Recently my mum went to a course on felting at a local craft shop called The Spinning Weal, here’s their website if you’re interested: http://www.spinningweal.co.uk/
After the course we decided it might be fun for her to teach me what she had learnt, it was fun and so I am going to share our experience with you too, there are a few different methods so I have decided to do them in different posts so as not to confuse anyone.
The best thing about felting in my opinion is that you don’t need any specialist equipment, all you need to go out and buy is some felting fibre – and then as long as you have some washing up liquid and some bubble wrap lying about you’re ready to go!
A quick disclaimer – I am not an experienced feltmaker! The following is a guide to how we made our felt pieces, it’s probably not the technically correct way to go about it but it worked for us. If you want to have a go, I’d suggest a quick internet search which will take you to loads of brilliant sites with much better instructions, hopefully though, this post might inspire you to give a new craft a go!
First we lay out towels on the table with sheets of bubble wrap on top of them, why the towels and bubble wrap? All will become clear!
Next we took a sheet of pre-felt and cut it to the desired size. Pre-felt is used as a backing for this felting technique, other techniques don’t use this backing so it is not always necessary. Bear in mind the size you cut your pre-felt to will not be the size of your finished piece – it will shrink!

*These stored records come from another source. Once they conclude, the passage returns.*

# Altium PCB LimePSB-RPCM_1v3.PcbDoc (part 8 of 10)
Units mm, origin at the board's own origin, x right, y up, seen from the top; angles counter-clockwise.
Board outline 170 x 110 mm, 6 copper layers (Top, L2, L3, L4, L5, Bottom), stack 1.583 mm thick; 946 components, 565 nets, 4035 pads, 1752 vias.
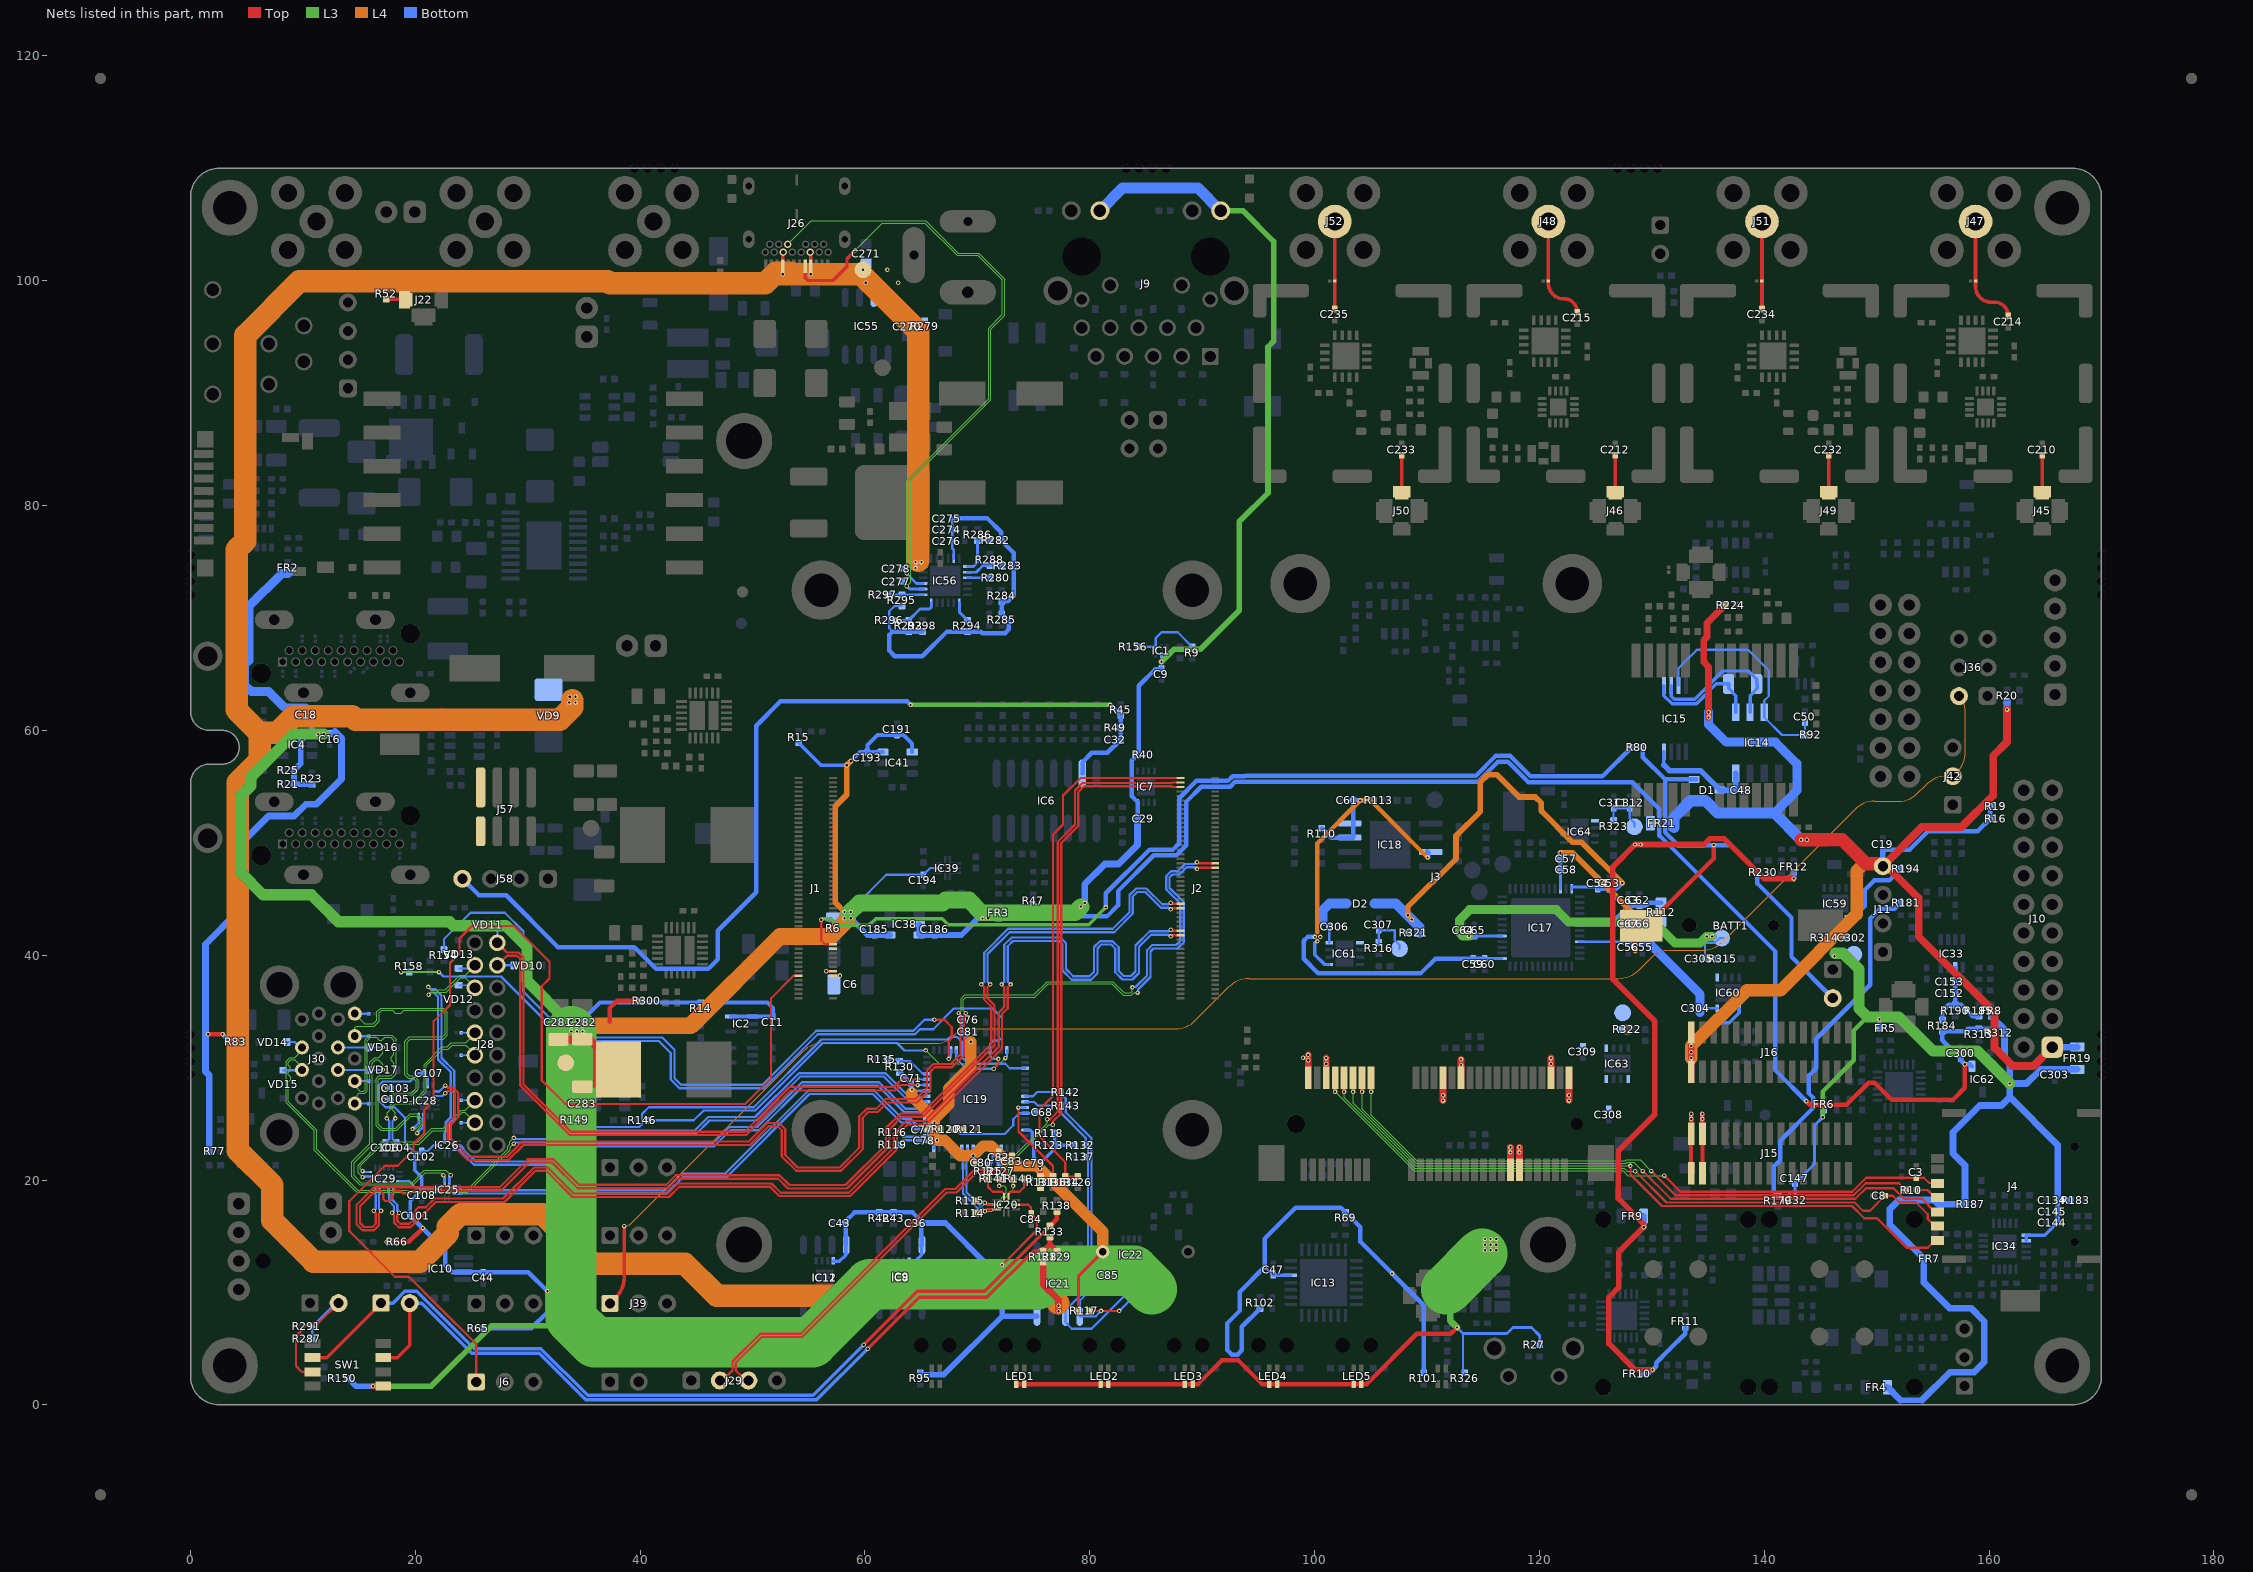
[diagram p12: the nets of this part, all layers, seen from the top]

## Via types
v1: diameter 0.4, hole 0.2, Top to Bottom, tented both sides, 1728 vias
v2: diameter 0.5, hole 0.2, Top to Bottom, tented both sides, 24 vias

## Nets (pads, with @x,y where several pads share a name; then routed paths per layer and width w, separated by ;. In a path a pad name is that pad's centre, name@x,y a point inside that pad or via, vN(x,y) a via of type N, cw(c..) or ccw(c..) an arc to the next point about the centre after c; other vN are vias at no path point) (continued)
RPI_USB3_RX1_N: IC29.4 J2.57 | length 103.3
  Top w0.2: v1(16.95,17.275) 16.95,17.221 16.775,17.046 16.775,15.976 16.324,15.525 15.301,15.525 14.775,16.051 14.775,17.799 16.326,19.35 27.499,19.35 29.999,21.85 32.287,21.85 34.562,19.575 42.325,19.575 43.175,20.425 52.4,20.425 53.275,19.55 58.275,19.55 61.875,23.15 61.875,24.624 63.176,25.925 65.045,25.925 71.225,32.105 71.225,35.425 70.6,36.05 70.6,37.15 v1(70.35,37.4) ; v1(87.2,44.675) 87.3,44.575 J2.57@88.085,44.575
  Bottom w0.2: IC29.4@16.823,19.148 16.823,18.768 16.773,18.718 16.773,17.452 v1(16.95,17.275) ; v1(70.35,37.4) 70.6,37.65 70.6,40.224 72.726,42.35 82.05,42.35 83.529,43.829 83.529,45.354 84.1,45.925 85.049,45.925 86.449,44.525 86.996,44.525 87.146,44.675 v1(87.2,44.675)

Then we chose our fibres, I went for sea colours because I just can’t resist them! Fibres come in long thick strands which you separate by pulling on the end. When pulling pieces off you are looking for thin, wispy, fluffy pieces of fibre which you can then layer up to create your design.
We layered our chosen coloured fibres up to create a design, with felt making you can create pictures or patterns or whatever you like but with this method you cannot do crisp or clear lines, think impressionism!
Once the felt fibres were built up and layered up to the point where we couldn’t really see any gaps it was time to put some water and a little washing up liquid on our pictures. We used a sponge to drip warm water all over the felt.
Next we covered our pieces with some clear plastic (half of a carrier bag will do) added some more water and washing up liquid on top of the plastic and began rubbing our hands all over the pieces. The washing up liquid and water help your hands to glide easily across the plastic. It is this rubbing motion and the heat from your hands which will cause the fibres to mesh together and become one strong piece of fabric.
It is quite tricky to describe how you know when to stop rubbing your felt! As I said before this is a rough guide to how we did it but I’m sure you can find more extensive instructions elsewhere if needs be. We probably rubbed our pieces for about 10 minutes, adding more water/washing up liquid if our hands stopped gliding so easily and also added more water underneath the plastic if areas of the felt looked too dry. The piece will flatten and you should be able to see the fibres start to mesh together, at this stage move onto the rolling.
To roll the felt we wrapped it up in between the bubble wrap and the sheet of clear plastic into a sausage shape, we then wrapped the towel around it and began rolling it back and forth, applying pressure so that heat and friction could do their magic to the felt. Water and soap will probably come out of the roll as you knead it back and forth but that is ok. You will want to turn your project every now and then so that each side is equally worked on. The felt will noticeably shrink during this process. It is done when you have spent a good 5 minutes on each side and when the fibres don’t come apart or come off when you pull at them.
The last stage was to rinse all the soap out of the felt, we gave it a quick rinse in some vinegar too to neutralise the soap which can rot if left in the felt. Here are our finished pieces! They may not be beautiful masterpieces but for first attempts I don’t think they are bad. One brilliant thing about felt making is that even if your piece is not a frame-worthy work of art you can add to it by sewing beads or sequins onto it and cut it up into smaller pieces to use for card making.
With a bit of practise I think anyone could create something really beautiful with this cheap and easy technique, why not try making someone a framed felt picture as a gift?